Stochastic integrals

Lecture notes available


Stochastic differential equations

Lecture notes available


Probability distributions and heavy tails

Lecture notes available


Ordering of risks

Lecture notes available


Aggregate claim amount distributions

Lecture notes available


Risk processes

Lecture notes available


Renewal processes and random walks

Lecture notes available


Markov chains Midterm

Lecture notes available


Continuous Markov models

Lecture notes available


Martingale techniques and Brownian motion

Lecture notes available


Point processes

Lecture notes available


Diffusion models

Lecture notes available


Asymptotic theory of nonstationary variables

Lecture notes available


Asymptotic theory of nonstationary variables: Brownian Bridge

Lecture notes available


Density Functions

Lecture notes available



Note: Essentials of and..Concepts from insurance and finance.....Applications to insurance and finance processes.

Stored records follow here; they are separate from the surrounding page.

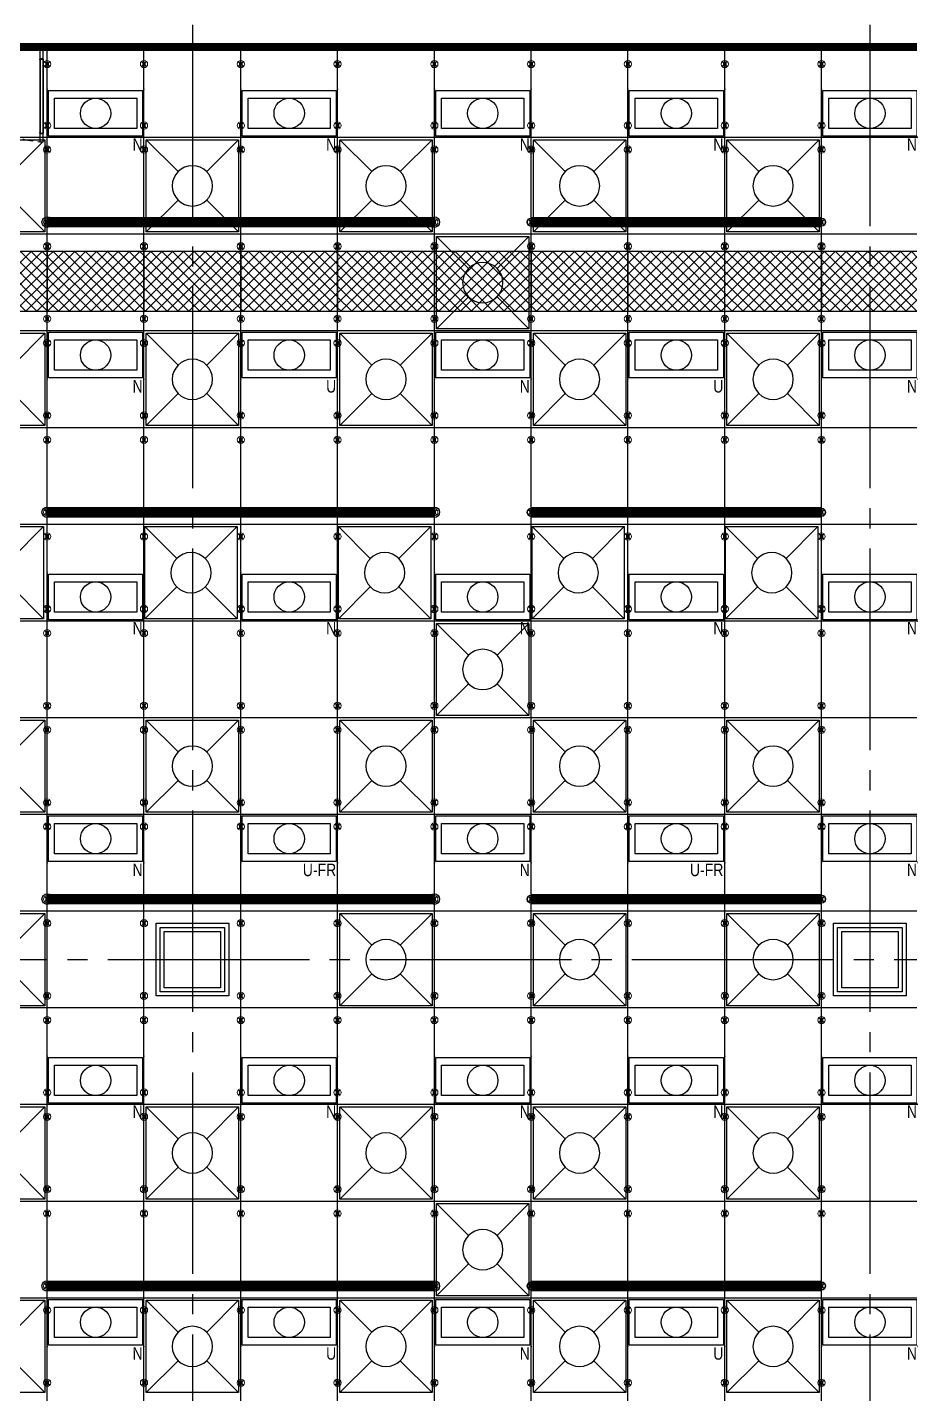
# Model space of a CAD drawing. Extents: x -17313 to 41501, y -1010 to 11880.
# Drawn here: x 15755 to 16849, y 6961 to 8657 of the extents above; entities that cross this region are included whole.
import ezdxf
from ezdxf.enums import TextEntityAlignment as Align

# ---------------------------------------------------------------- set-up
doc = ezdxf.new("R2010")
doc.units = 0
doc.header["$LTSCALE"] = 100
doc.linetypes.add('188K-SM-03-F10-ARCH-PA-Y2257103$0$AP5A-SM-03-F20-ARCH-PA-Y2230801+Y2230803$0$ALL-PA-TXT-Y2221201$0$DASHED', pattern=[19.05, 12.7, -6.35])
doc.linetypes.add('X-S-FAB-L10$0$COL-CEN-LIN', pattern=[3.25, 2.5, -0.25, 0.25, -0.25])
for name, color, linetype in [('0-xref', 8, 'Continuous'), ('188K-SM-03-F10-ARCH-CEIL-Y2257103$0$K-CEIL-4.2', 8, 'Continuous'), ('188K-SM-03-F10-ARCH-CEIL-Y2257103$0$K-CEIL-4.2-AREA', 8, 'Continuous'), ('188K-SM-03-F10-ARCH-PA-Y2257103$0$K-Door', 53, 'Continuous'), ('188K-SM-03-F10-ARCH-PA-Y2257103$0$K-P1S-4.2-單抗', 53, 'Continuous'), ('188K-SM-06-F10-ELEC-LIGHT-Y2257103$0$E-LIGHT(W)-N', 253, 'Continuous'), ('188K-SM-06-F10-ELEC-LIGHT-Y2257103$0$E-LIGHT(W)-U FR', 253, 'Continuous'), ('188K-SM-06-F10-ELEC-LIGHT-Y2257103$0$E-LIGHT(W)-U XLPE', 253, 'Continuous'), ('188K-SM-06-F10-HVAC-FFU-Y2257103$0$AC-FFU-ULPA', 254, 'Continuous'), ('188K-SM-07-F15-ARCH-CATW-Y2257103$0$K-安全母索', 6, 'Continuous'), ('188K-SM-07-F15-ARCH-CATW-Y2257103$0$K-扶手', 160, 'Continuous'), ('188K-SM-07-F15-ARCH-CATW-Y2257103$0$K-貓道板-主走道', 171, 'Continuous'), ('X-S-FAB-L10$0$0-DIM-TXT', 8, 'Continuous'), ('X-S-FAB-L10$0$BLOCK', 8, 'Continuous'), ('X-S-FAB-L10$0$CCL', 8, 'X-S-FAB-L10$0$COL-CEN-LIN'), ('X-S-FAB-L10$0$COL-S', 8, 'Continuous')]:
    doc.layers.add(name, color=color, linetype=linetype)
doc.layers.add('188K-SM-03-F10-ARCH-CEIL-Y2257103$0$K-吊點-標準', color=8, linetype='Continuous', lineweight=9)
doc.layers.add('188K-SM-06-F10-ELEC-LIGHT-Y2257103$0$Defpoints-CAS', color=253, linetype='Continuous', plot=False)
doc.styles.add('188K-SM-03-F10-ARCH-PA-Y2257103$0$AP5A-SM-03-F20-ARCH-PA-Y2230801+Y2230803$0$ALL-PA-TXT-Y2221201$0$Standard', font='txt.shx', dxfattribs={"bigfont": 'chineset.shx'})
doc.styles.add('188K-SM-06-F10-ELEC-LIGHT-Y2257103$0$Standard', font='arial.ttf')
doc.styles.add('X-S-FAB-L10$0$CHINA', font='simplex.shx', dxfattribs={"width": 0.75, "bigfont": 'chineset.shx'})
doc.styles.add('X-S-FAB-L10$0$Standard', font='', dxfattribs={"width": 0.8})
doc.styles.add('X-S-FAB-L10$0$TG_NOTE_TEXT', font='simplex.shx', dxfattribs={"width": 0.75, "bigfont": 'chineset.shx'})
doc.styles.get('X-S-FAB-L10$0$Standard').set_extended_font_data('Microsoft JhengHei')
doc.linetypes.add('188K-SM-07-F15-ARCH-CATW-Y2257103$0$FENCELINE1', pattern='A,6.35,-2.54,[133,ltypeshp.shx,S=2.54,R=0,X=-2.54,Y=0],-2.54,25.4', length=36.83)

# ---------------------------------------------------------------- blocks, each defined once
blk = doc.blocks.new('X-S-FAB-L10$0$FAB2-L05')
at = {"layer": 'X-S-FAB-L10$0$CCL'}
for p, q in [((-10200, 11005), (-10200, 0)), ((-9360, 11005), (-9360, 0)), ((-26880, 8220), (1210, 8220))]:
    blk.add_line(p, q, dxfattribs=at)
at = {"layer": 'X-S-FAB-L10$0$COL-S'}
for points in [[(-10235, 8255), (-10165, 8255), (-10165, 8185), (-10235, 8185)], [(-9395, 8255), (-9325, 8255), (-9325, 8185), (-9395, 8185)]]:
    blk.add_lwpolyline(points, close=True, dxfattribs=at)
blk = doc.blocks.new('X-S-FAB-L10')
at = {"layer": 'X-S-FAB-L10$0$COL-S'}
for p, q in [((15925, 7535), (15995, 7535)), ((15925, 7465), (15925, 7535)), ((15995, 7535), (15995, 7465)), ((16765, 7535), (16835, 7535)), ((16765, 7465), (16765, 7535)), ((16835, 7535), (16835, 7465)), ((15995, 7465), (15925, 7465)), ((16835, 7465), (16765, 7465))]:
    blk.add_line(p, q, dxfattribs=at)
at = {"layer": 'X-S-FAB-L10$0$BLOCK'}
blk.add_blockref('X-S-FAB-L10$0$FAB2-L05', (26160, -720), dxfattribs=at)
at = {"style": 'X-S-FAB-L10$0$TG_NOTE_TEXT', "width": 0.5, "flags": 1}
for p in [(7463.3, 9020), (18268.3, 8649), (11197.8, 4800.2), (16485.8, 4800.2), (25420.3, 2635), (13360, 320, 0), (7463.3, -33.3)]:
    blk.add_attdef('WH', text='', height=20, dxfattribs=at).set_placement(p, align=Align.BOTTOM_LEFT)
at = {"width": 0.5}
for style, p in [('X-S-FAB-L10$0$TG_NOTE_TEXT', (7585, 9020)), ('X-S-FAB-L10$0$TG_NOTE_TEXT', (18390, 8649)), ('X-S-FAB-L10$0$TG_NOTE_TEXT', (11117.5, 4813.5)), ('X-S-FAB-L10$0$TG_NOTE_TEXT', (16607.5, 4813.5)), ('X-S-FAB-L10$0$TG_NOTE_TEXT', (25350, 2635)), ('X-S-FAB-L10$0$Standard', (13129.4, 325, 0)), ('X-S-FAB-L10$0$TG_NOTE_TEXT', (7585, -20))]:
    blk.add_attdef('DESC', text='', height=10, dxfattribs=dict(at, style=style)).set_placement(p, align=Align.BOTTOM_LEFT)
for tag, style, p in [('TYPE', 'X-S-FAB-L10$0$TG_NOTE_TEXT', (7619.3, 9020)), ('NO', 'X-S-FAB-L10$0$TG_NOTE_TEXT', (7650.1, 9020)), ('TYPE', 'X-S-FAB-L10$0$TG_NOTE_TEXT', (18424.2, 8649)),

Student Opinion of Instruction

At the end of the term, all students will be expected to complete an online Student Opinion of Instruction survey (SOI) that will be available on portal. Students will receive an e-mail notification through their Suje Florida University e-mail address when the SOI is available. SOI responses are anonymous to instructors/administrators. Instructors will be able to view only a summary of all responses two weeks after they have submitted final grades.

Title IX Statement

Suje Florida University is committed to creating a diverse and inclusive work and learning environment free from discrimination and harassment. Discrimination on the basis of race, color, ethnicity, national origin, sex (including pregnancy status, sexual harassment and sexual violence), sexual orientation, gender identity, religion, age, national origin, disability, genetic information, or veteran status, in the Suje Florida University's programs and activities is prohibited as required by applicable laws and regulations such as Title IX. The individual designated with responsibility for coordination of compliance efforts and receipt of inquiries concerning nondiscrimination policies is the University's Title IX Coordinator.

Access Statement

Students with disabilities who are experiencing barriers in this course may contact the Access Office for assistance in determining and implementing reasonable accommodations.